[Task input — start]
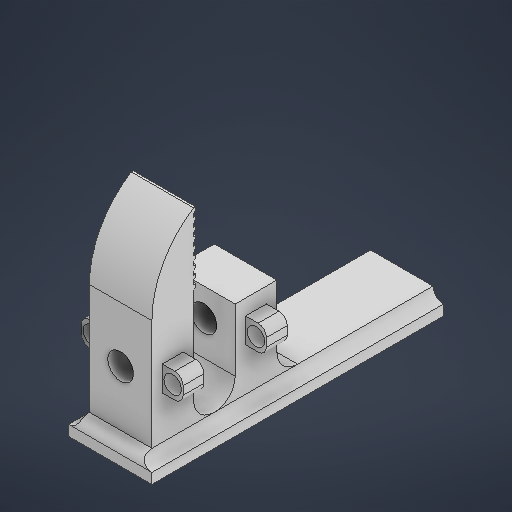
# Autodesk Inventor part: Garra
Saved by Autodesk Inventor 2026.1 (Build 301233020, 233B)
## iProperties
Created: 2025-11-06
Part Number: Garra
Material: Genérico
Document SubType Name: Modeling
Designer: luska
Density: 1 g/cm^3
Appearance: Padrão
Author: luska
Autodesk Inventor part; units mm, degrees
ref_plane "YZ Plane" through (0, 0, 0) normal (1, 0, 0) x (0, 1, 0)
ref_plane "XZ Plane" through (0, 0, 0) normal (0, 1, 0) x (-1, 0, 0)
ref_plane "XY Plane" through (0, 0, 0) normal (0, 0, 1) x (1, 0, 0)
sketch "Esboço1" plane through (0, 0, 0) normal (0, 1, 0) x (-1, 0, 0)
  point P0 (0, 0)
sketch "Esboço2" plane through (0, 0, 0) normal (0, 1, 0) x (-1, 0, 0)
  line L0 (18.622, 66.8641) -> (-1.378, 66.8641)
  line L1 (-1.378, 66.8641) -> (-1.378, -3.1359)
  line L2 (-1.378, -3.1359) -> (18.622, -3.1359)
  line L3 (18.622, -3.1359) -> (18.622, 66.8641)
  point P0 (0, 0)
  dimension "d0" = 70
  dimension "d1" = 20
  constraints: 8 end point, 2 parallel, 1 horizontal, 1 perpendicular
  measures "d0" distance between parallel lines of L2 L0
  measures "d1" distance between parallel lines of L3 L1
extrude "Extrusão1" add sketch "Esboço2" along normal blind 5
sketch "Esboço3" plane through (0, 5, 0) normal (0, 1, 0) x (1, 0, 0)
  line L0 (-1.122, -54.3641) -> (-16.122, -54.3641)
  line L1 (-16.122, -54.3641) -> (-16.122, -64.3641)
  line L2 (-16.122, -64.3641) -> (-1.122, -64.3641)
  line L3 (-1.122, -64.3641) -> (-1.122, -54.3641)
  line L4 (1.378, -66.8641) -> (1.378, 3.1359) projected
  line L5 (-18.622, -66.8641) -> (1.378, -66.8641) projected
  point P0 (0, 0)
  dimension "d4" = 10
  dimension "d5" = 15
  dimension "d6" = 2.5
  dimension "d11" = 2.5
  constraints: 8 end point, 2 parallel, 1 horizontal, 1 perpendicular
  measures "d4" distance between parallel lines of L2 L0
  measures "d5" distance between parallel lines of L1 L3
  measures "d6" distance between parallel lines of L4 L3
  measures "d11" distance between parallel lines of L5 L2
extrude "Extrusão2" add sketch "Esboço3" along normal blind 45
fillet "Arredondamento1" radius 2.5 2 edges at (-18.622, 5, 31.8641) (1.378, 5, 31.8641) inverted yes
fillet "Arredondamento2" radius 2.5 1 edges at (-8.622, 5, 66.8641)
sketch "Esboço4" plane through (-18.622, 0, -3.1359) normal (-1, 0, 0) x (0, 0, 1)
  point P0 (3.1359, 0)
sketch "Esboço5" plane through (0, 5, 0) normal (0, 1, 0) x (1, 0, 0)
  line L0 (-16.122, -34.3641) -> (-1.122, -34.3641)
  line L1 (-1.122, -34.3641) -> (-1.122, -44.3641)
  line L2 (-1.122, -44.3641) -> (-16.122, -44.3641)
  line L3 (-16.122, -44.3641) -> (-16.122, -34.3641)
  line L4 (-18.622, 3.1359) -> (-18.622, -66.8641) projected
  line L5 (-1.122, -54.3641) -> (-16.122, -54.3641) projected
  point P0 (0, 0)
  dimension "d12" = 15
  dimension "d13" = 10
  dimension "d14" = 2.5
  dimension "d15" = 10
  constraints: 8 end point, 2 parallel, 1 horizontal, 1 perpendicular
  measures "d12" distance of L1.end L2.end
  measures "d13" distance of L0.end L1.end
  measures "d14" distance between parallel lines of L4 L3
  measures "d15" distance between parallel lines of L5 L2
extrude "Extrusão3" add sketch "Esboço5" along normal blind 20
fillet "Arredondamento3" radius 22 1 edges at (-8.622, 50, 64.3641)
sketch "Esboço6" plane through (-1.122, 50, 54.3641) normal (0, 0, -1) x (-1, 0, 0)
  circle A0 centre (7.5, -31.71) radius 3.1
  line L0 (15, -41) -> (0, -41) projected
  line L1 (15, -45) -> (15, 0) projected
  line L2 (0, 0) -> (15, 0) projected
  point P0 (-1.122, -50)
  dimension "d20" = 6.2
  dimension "d22" = 7.5
  dimension "d34" = 31.71
  constraints: 1 centre point
  measures "d20" diameter of A0
  measures "d22" distance from line of L1 A0.centre
  measures "d34" distance from line of L2 A0.centre
extrude "Extrusão4" cut sketch "Esboço6" against normal blind 10
sketch "Esboço7" plane through (-1.122, 50, 54.3641) normal (0, 0, -1) x (-1, 0, 0)
  line L0 (10.7522, -36.7918) -> (4.7251, -37.0674)
  line L1 (4.7251, -37.0674) -> (1.4729, -31.9856)
  line L2 (1.4729, -31.9856) -> (4.2478, -26.6282)
  line L3 (4.2478, -26.6282) -> (10.2749, -26.3526)
  line L4 (10.2749, -26.3526) -> (13.5271, -31.4344)
  line L5 (13.5271, -31.4344) -> (10.7522, -36.7918)
  line L6 (15, -41) -> (0, -41) projected
  line L7 (15, -45) -> (15, 0) projected
  line L8 (0, 0) -> (15, 0) projected
  point P0 (-1.122, -50)
  point P1 (7.5, -31.71)
  dimension "d26" = 7.5
  dimension "d35" = 31.71
  constraints: 12 end point, 13 other
  measures "d26" distance from line of L7 point (7.5, -31.71)
  measures "d35" distance from line of L8 point (7.5, -31.71)
extrude "Extrusão5" cut sketch "Esboço7" against normal blind 5
sketch "Esboço8" plane through (-1.122, 25, 34.3641) normal (0, 0, -1) x (-1, 0, 0)
  circle A0 centre (7.5, -6.72) radius 3.1
  line L0 (0, 0) -> (15, 0) projected
  line L1 (0, -20) -> (0, 0) projected
  line L2 (0, -20) -> (15, -20) projected
  point P0 (-1.122, -25)
  point P1 (0, -16)
  point P2 (7.5, 0)
  dimension "d29" = 6.2
  dimension "d31" = 7.5
  dimension "d86" = 13.28
  constraints: 1 centre point, 1 midpoint
  measures "d29" diameter of A0
  measures "d31" distance from line of L1 A0.centre
  measures "d86" distance from line of L2 A0.centre
extrude "Extrusão6" cut sketch "Esboço8" against normal blind 10
sketch "Esboço10" plane through (-16.122, 5, 64.3641) normal (-1, 0, 0) x (0, 0, 1)
  line L0 (-22.5, 10.28) -> (-27.5, 10.28)
  line L1 (-27.5, 10.28) -> (-27.5, 16.28)
  line L2 (-27.5, 16.28) -> (-22.5, 16.28)
  line L3 (-22.5, 16.28) -> (-22.5, 10.28)
  line L4 (-30, 20) -> (-20, 20) projected
  line L5 (-20, 0) -> (-20, 20) projected
  line L6 (-20, 0) -> (-30, 0) projected
  line L7 (-3.0499, 10.28) -> (-8.0499, 10.28)
  line L8 (-8.0499, 10.28) -> (-8.0499, 16.28)
  line L9 (-8.0499, 16.28) -> (-3.0499, 16.28)
  line L10 (-3.0499, 16.28) -> (-3.0499, 10.28)
  line L11 (0, 0) -> (-10, 0) projected
  point P0 (-64.3641, -5)
  point P1 (-25, 16.28)
  point P2 (-20, 4)
  point P3 (-16, 0)
  point P4 (-34, 0)
  point P5 (-3.0499, 13.28)
  point P6 (-5.5499, 10.28)
  point P7 (-5.5499, 16.28)
  point P8 (-14, 0)
  dimension "d40" = 3.72
  dimension "d41" = 6
  dimension "d42" = 5
  dimension "d43" = 2.5
  dimension "d44" = 10.28
  dimension "d45" = 5
  dimension "d46" = 6
  dimension "d47" = 10.28
  constraints: 16 end point, 4 midpoint, 4 parallel, 2 horizontal, 2 perpendicular
  measures "d40" distance from line of L4 point (-25, 16.28)
  measures "d41" distance between parallel lines of L2 L0
  measures "d42" distance between parallel lines of L1 L3
  measures "d43" distance between parallel lines of L5 L3
  measures "d44" distance between parallel lines of L6 L0
  measures "d45" distance from line of L8 point (-3.05, 13.28)
  measures "d46" distance of point (-5.55, 10.28) point (-5.55, 16.28)
  measures "d47" distance between parallel lines of L11 L7
extrude "Extrusão8" add sketch "Esboço10" along normal blind 5
fillet "Arredondamento5" radius 2 4 edges at (-21.122, 15.28, 58.8142) (-21.122, 21.28, 58.8142) (-21.122, 21.28, 39.3641) (-21.122, 15.28, 39.3641)
sketch "Esboço11" plane through (-16.122, 15.28, 36.8641) normal (0, 0, -1) x (-1, 0, 0)
  circle A0 centre (2.5, 3) radius 2.1
  line L0 (5, 4) -> (5, 2) projected
  line L1 (0, 0) -> (3, 0) projected
  point P0 (-16.122, -15.28)
  point P1 (5, 3)
  dimension "d51" = 4.2
  dimension "d52" = 2.5
  dimension "d53" = 3
  constraints: 1 centre point, 1 midpoint
  measures "d51" diameter of A0
  measures "d52" distance of point (5, 3) A0.centre
  measures "d53" distance from line of L1 A0.centre
sketch "Esboço12" plane through (-16.122, 15.28, 56.3142) normal (0, 0, -1) x (-1, 0, 0)
  circle A0 centre (2.5, 3) radius 2.1
  line L0 (0, 0) -> (3, 0) projected
  line L1 (5, 4) -> (5, 2) projected
  point P0 (-16.122, -15.28)
  dimension "d54" = 4.2
  dimension "d55" = 3
  dimension "d56" = 2.5
  constraints: 1 centre point
  measures "d54" diameter of A0
  measures "d55" distance from line of L0 A0.centre
  measures "d56" distance from line of L1 A0.centre
sketch "Esboço13" plane through (-1.122, 25, 44.3641) normal (1, 0, 0) x (0, 0, -1)
  point P0 (44.3641, -25)
sketch "Esboço14" plane through (-1.122, 25, 44.3641) normal (1, 0, 0) x (0, 0, -1)
  line L0 (7.5, -9.72) -> (2.5, -9.72)
  line L1 (2.5, -9.72) -> (2.5, -3.72)
  line L2 (2.5, -3.72) -> (7.5, -3.72)
  line L3 (7.5, -3.72) -> (7.5, -9.72)
  line L4 (0, -20) -> (10, -20) projected
  point P0 (44.3641, -25)
  point P1 (5, -26.56)
  point P2 (2.5, -6.72)
  point P3 (-4, -20)
  point P4 (14, -20)
  dimension "d58" = 6
  dimension "d59" = 5
  dimension "d85" = 10.28
  constraints: 8 end point, 2 parallel, 1 horizontal, 1 midpoint, 1 perpendicular
  measures "d58" distance between parallel lines of L0 L2
  measures "d59" distance from line of point (2.5, -6.72) L3
  measures "d85" distance between parallel lines of L0 L4
sketch "Esboço15" plane through (-1.122, 5, 64.3641) normal (1, 0, 0) x (0, 0, -1)
  point P0 (64.3641, -5)
sketch "Esboço16" plane through (-1.122, 5, 64.3641) normal (1, 0, 0) x (0, 0, -1)
  point P0 (64.3641, -5)
extrude "Extrusão9" add sketch "Esboço14" along normal blind 5
extrude "Extrusão10" cut sketch "Esboço11" against normal blind 5
extrude "Extrusão11" cut sketch "Esboço12" against normal blind 5
sketch "Esboço17" plane through (-1.122, 5, 64.3641) normal (1, 0, 0) x (0, 0, -1)
  line L0 (2.5, 10.28) -> (7.5, 10.28)
  line L1 (7.5, 10.28) -> (7.5, 16.28)
  line L2 (7.5, 16.28) -> (2.5, 16.28)
  line L3 (2.5, 16.28) -> (2.5, 10.28)
  line L4 (10, 0) -> (10, 45) projected
  line L5 (10, 0) -> (0, 0) projected
  point P0 (64.3641, -5)
  point P1 (5, 10.28)
  point P2 (10, 4)
  point P3 (14, 0)
  dimension "d67" = 6
  dimension "d68" = 5
  dimension "d69" = 2.5
  dimension "d70" = 10.28
  constraints: 8 end point, 2 parallel, 1 horizontal, 1 midpoint, 1 perpendicular
  measures "d67" distance from line of point (5, 10.28) L2
  measures "d68" distance between parallel lines of L1 L3
  measures "d69" distance between parallel lines of L1 L4
  measures "d70" distance between parallel lines of L5 L0
extrude "Extrusão12" add sketch "Esboço17" along normal blind 5
sketch "Esboço18" plane through (-1.122, 15.28, 36.8641) normal (0, 0, -1) x (-1, 0, 0)
  circle A0 centre (-2.5, 3) radius 2.1
  point P0 (-1.122, -15.28)
  dimension "d73" = 4.2
  constraints: 1 centre point
  measures "d73" diameter of A0
sketch "Esboço19" plane through (-1.122, 15.28, 56.8641) normal (0, 0, -1) x (-1, 0, 0)
  circle A0 centre (-2.5, 3) radius 2.1
  point P0 (-1.122, -15.28)
  point P1 (-5, 3)
  dimension "d76" = 4.2
  dimension "d78" = 2.5
  constraints: 1 centre point
  measures "d76" diameter of A0
  measures "d78" distance of point (-5, 3) A0.centre
extrude "Extrusão13" cut sketch "Esboço18" against normal blind 5
extrude "Extrusão14" cut sketch "Esboço19" against normal blind 5
fillet "Arredondamento6" radius 2 4 edges at (3.878, 21.28, 39.3641) (3.878, 15.28, 39.3641) (3.878, 15.28, 59.3641) (3.878, 21.28, 59.3641)
sketch "Esboço20" plane through (-1.122, 25, 34.3641) normal (0, 0, -1) x (-1, 0, 0)
  point P0 (-1.122, -25)
sketch "Esboço21" plane through (-1.122, 5, 34.3641) normal (0, 0, -1) x (-1, 0, 0)
  line L0 (9.8438, 9.1967) -> (5.1356, 9.2086)
  line L1 (5.1356, 9.2086) -> (2.7918, 13.2919)
  line L2 (2.7918, 13.2919) -> (5.1562, 17.3633)
  line L3 (5.1562, 17.3633) -> (9.8644, 17.3514)
  line L4 (9.8644, 17.3514) -> (12.2082, 13.2681)
  line L5 (12.2082, 13.2681) -> (9.8438, 9.1967)
  line L6 (0, 0) -> (15, 0) projected
  line L7 (15, 0) -> (15, 20) projected
  point P0 (-1.122, -5)
  point P1 (7.5, 13.28)
  point P2 (7.5, 0)
  dimension "d87" = 13.28
  dimension "d88" = 7.5
  constraints: 12 end point, 1 midpoint, 13 other
  measures "d87" distance of point (7.5, 0) point (7.5, 13.28)
  measures "d88" distance from line of L7 point (7.5, 13.28)
extrude "Extrusão15" cut sketch "Esboço21" against normal blind 5
fillet "Arredondamento7" radius 5 3 edges at (-8.622, 5, 54.3641) (-8.622, 5, 34.3641) (-8.622, 5, 44.3641)
sketch "Esboço22" plane through (-1.122, 50, 54.3641) normal (0, 0, -1) x (-1, 0, 0)
  line L0 (15, 0) -> (15, -18.4391) projected
  line L1 (0, -18.4391) -> (0, 0) projected
  line L2 (15, 0) -> (0, 0)
  line L3 (0, 0) -> (0, -1)
  line L4 (0, -1) -> (15, -1)
  line L5 (15, -1) -> (15, 0)
  line L6 (7.8898, -1) -> (7.8898, -2.2265)
  line L7 (15, -1) -> (0, -1)
  line L8 (0, -1) -> (0, -2)
  line L9 (0, -2) -> (15, -2)
  line L10 (15, -2) -> (15, -1)
  line L11 (15, -2) -> (0, -2)
  line L12 (0, -2) -> (0, -3)
  line L13 (0, -3) -> (15, -3)
  line L14 (15, -3) -> (15, -2)
  line L15 (15, -3) -> (0, -3)
  line L16 (0, -3) -> (0, -4)
  line L17 (0, -4) -> (15, -4)
  line L18 (15, -4) -> (15, -3)
  line L19 (15, -4) -> (0, -4)
  line L20 (0, -4) -> (0, -5)
  line L21 (0, -5) -> (15, -5)
  line L22 (15, -5) -> (15, -4)
  line L23 (15, -5) -> (0, -5)
  line L24 (0, -5) -> (0, -6)
  line L25 (0, -6) -> (15, -6)
  line L26 (15, -6) -> (15, -5)
  line L27 (15, -6) -> (0, -6)
  line L28 (0, -6) -> (0, -7)
  line L29 (0, -7) -> (15, -7)
  line L30 (15, -7) -> (15, -6)
  line L31 (15, -7) -> (0, -7)
  line L32 (0, -7) -> (0, -8)
  line L33 (0, -8) -> (15, -8)
  line L34 (15, -8) -> (15, -7)
  line L35 (15, -8) -> (0, -8)
  line L36 (0, -8) -> (0, -9)
  line L37 (0, -9) -> (15, -9)
  line L38 (15, -9) -> (15, -8)
  line L39 (15, -9) -> (0, -9)
  line L40 (0, -9) -> (0, -10)
  line L41 (0, -10) -> (15, -10)
  line L42 (15, -10) -> (15, -9)
  line L43 (15, -10) -> (0, -10)
  line L44 (0, -10) -> (0, -11)
  line L45 (0, -11) -> (15, -11)
  line L46 (15, -11) -> (15, -10)
  line L47 (15, -11) -> (0, -11)
  line L48 (0, -11) -> (0, -12)
  line L49 (0, -12) -> (15, -12)
  line L50 (15, -12) -> (15, -11)
  line L51 (15, -12) -> (0, -12)
  line L52 (0, -12) -> (0, -13)
  line L53 (0, -13) -> (15, -13)
  line L54 (15, -13) -> (15, -12)
  line L55 (15, -13) -> (0, -13)
  line L56 (0, -13) -> (0, -14)
  line L57 (0, -14) -> (15, -14)
  line L58 (15, -14) -> (15, -13)
  line L59 (15, -14) -> (0, -14)
  line L60 (0, -14) -> (0, -15)
  line L61 (0, -15) -> (15, -15)
  line L62 (15, -15) -> (15, -14)
  line L63 (15, -15) -> (0, -15)
  line L64 (0, -15) -> (0, -16)
  line L65 (0, -16) -> (15, -16)
  line L66 (15, -16) -> (15, -15)
  line L67 (15, -16) -> (0, -16)
  line L68 (0, -16) -> (0, -17)
  line L69 (0, -17) -> (15, -17)
  line L70 (15, -17) -> (15, -16)
  point P0 (-1.122, -50)
  point P1 (7.8898, -2)
  point P2 (7.8898, -3)
  point P3 (7.8898, -4)
  point P4 (7.8898, -5)
  point P5 (7.8898, -6)
  point P6 (7.8898, -7)
  point P7 (7.8898, -8)
  point P8 (7.8898, -9)
  point P9 (7.8898, -10)
  point P10 (7.8898, -11)
  point P11 (7.8898, -12)
  point P12 (7.8898, -13)
  point P13 (7.8898, -14)
  point P14 (7.8898, -15)
  point P15 (7.8898, -16)
  point P16 (7.8898, -17)
  point P17 (0, -17)
  point P18 (0, -16)
  point P19 (0, -15)
  point P20 (15, -15)
  point P21 (0, -14)
  point P22 (0, -13)
  point P23 (0, -12)
  point P24 (0, -11)
  point P25 (15, -11)
  point P26 (15, -10)
  point P27 (0, -10)
  point P28 (0, -9)
  point P29 (15, -9)
  point P30 (15, -8)
  point P31 (0, -8)
  point P32 (0, -7)
  point P33 (15, -7)
  point P34 (15, -6)
  point P35 (0, -6)
  point P36 (0, -5)
  point P37 (15, -5)
  point P38 (15, -4)
  point P39 (0, -4)
  point P40 (0, -3)
  point P41 (15, -3)
  point P42 (15, -2)
  point P43 (0, -2)
  point P44 (15, -1)
  dimension "d92" = 1
  dimension "d95" = 1
  constraints: 138 end point, 17 point on line, 2 parallel, 2 vertical, 1 horizontal, 1 perpendicular, 146 other
  measures "d92" distance between parallel lines of L4 L2
  measures "d95" distance of L3.end L8.end
extrude "Extrusão16" add sketch "Esboço22" along normal blind 0.5 contours L0 L4 L1 L2 | L0 L13 L1 L9 | L0 L21 L1 L17 | L0 L29 L1 L25 | L0 L37 L1 L33 | L0 L45 L1 L41 | L0 L53 L1 L49 | L0 L61 L1 L57 | L0 L69 L1 L65
fillet "Arredondamento8" radius 0.7 9 edges at (-8.622, 33, 53.8641) (-8.622, 35, 53.8641) (-8.622, 37, 53.8641) (-8.622, 39, 53.8641) (-8.622, 41, 53.8641) (-8.622, 43, 53.8641) (-8.622, 45, 53.8641) (-8.622, 47, 53.8641) (-8.622, 49, 53.8641)
sketch "Esboço23" plane through (1.378, 0, -3.1359) normal (0, 0, -1) x (-1, 0, 0)
  point P0 (1.378, 0)
sketch "Esboço24" plane through (1.378, 0, -3.1359) normal (0, 0, -1) x (-1, 0, 0)
  point P0 (1.378, 0)
[Task input — finish]
**Problem to work on**
Look back at the entries above and repeat, unchanged, every line from the line holding "of L3.end L8.end" through the line holding "L0 L69 L1 L65".

**Response box**
  measures "d95" distance of L3.end L8.end
extrude "Extrusão16" add sketch "Esboço22" along normal blind 0.5 contours L0 L4 L1 L2 | L0 L13 L1 L9 | L0 L21 L1 L17 | L0 L29 L1 L25 | L0 L37 L1 L33 | L0 L45 L1 L41 | L0 L53 L1 L49 | L0 L61 L1 L57 | L0 L69 L1 L65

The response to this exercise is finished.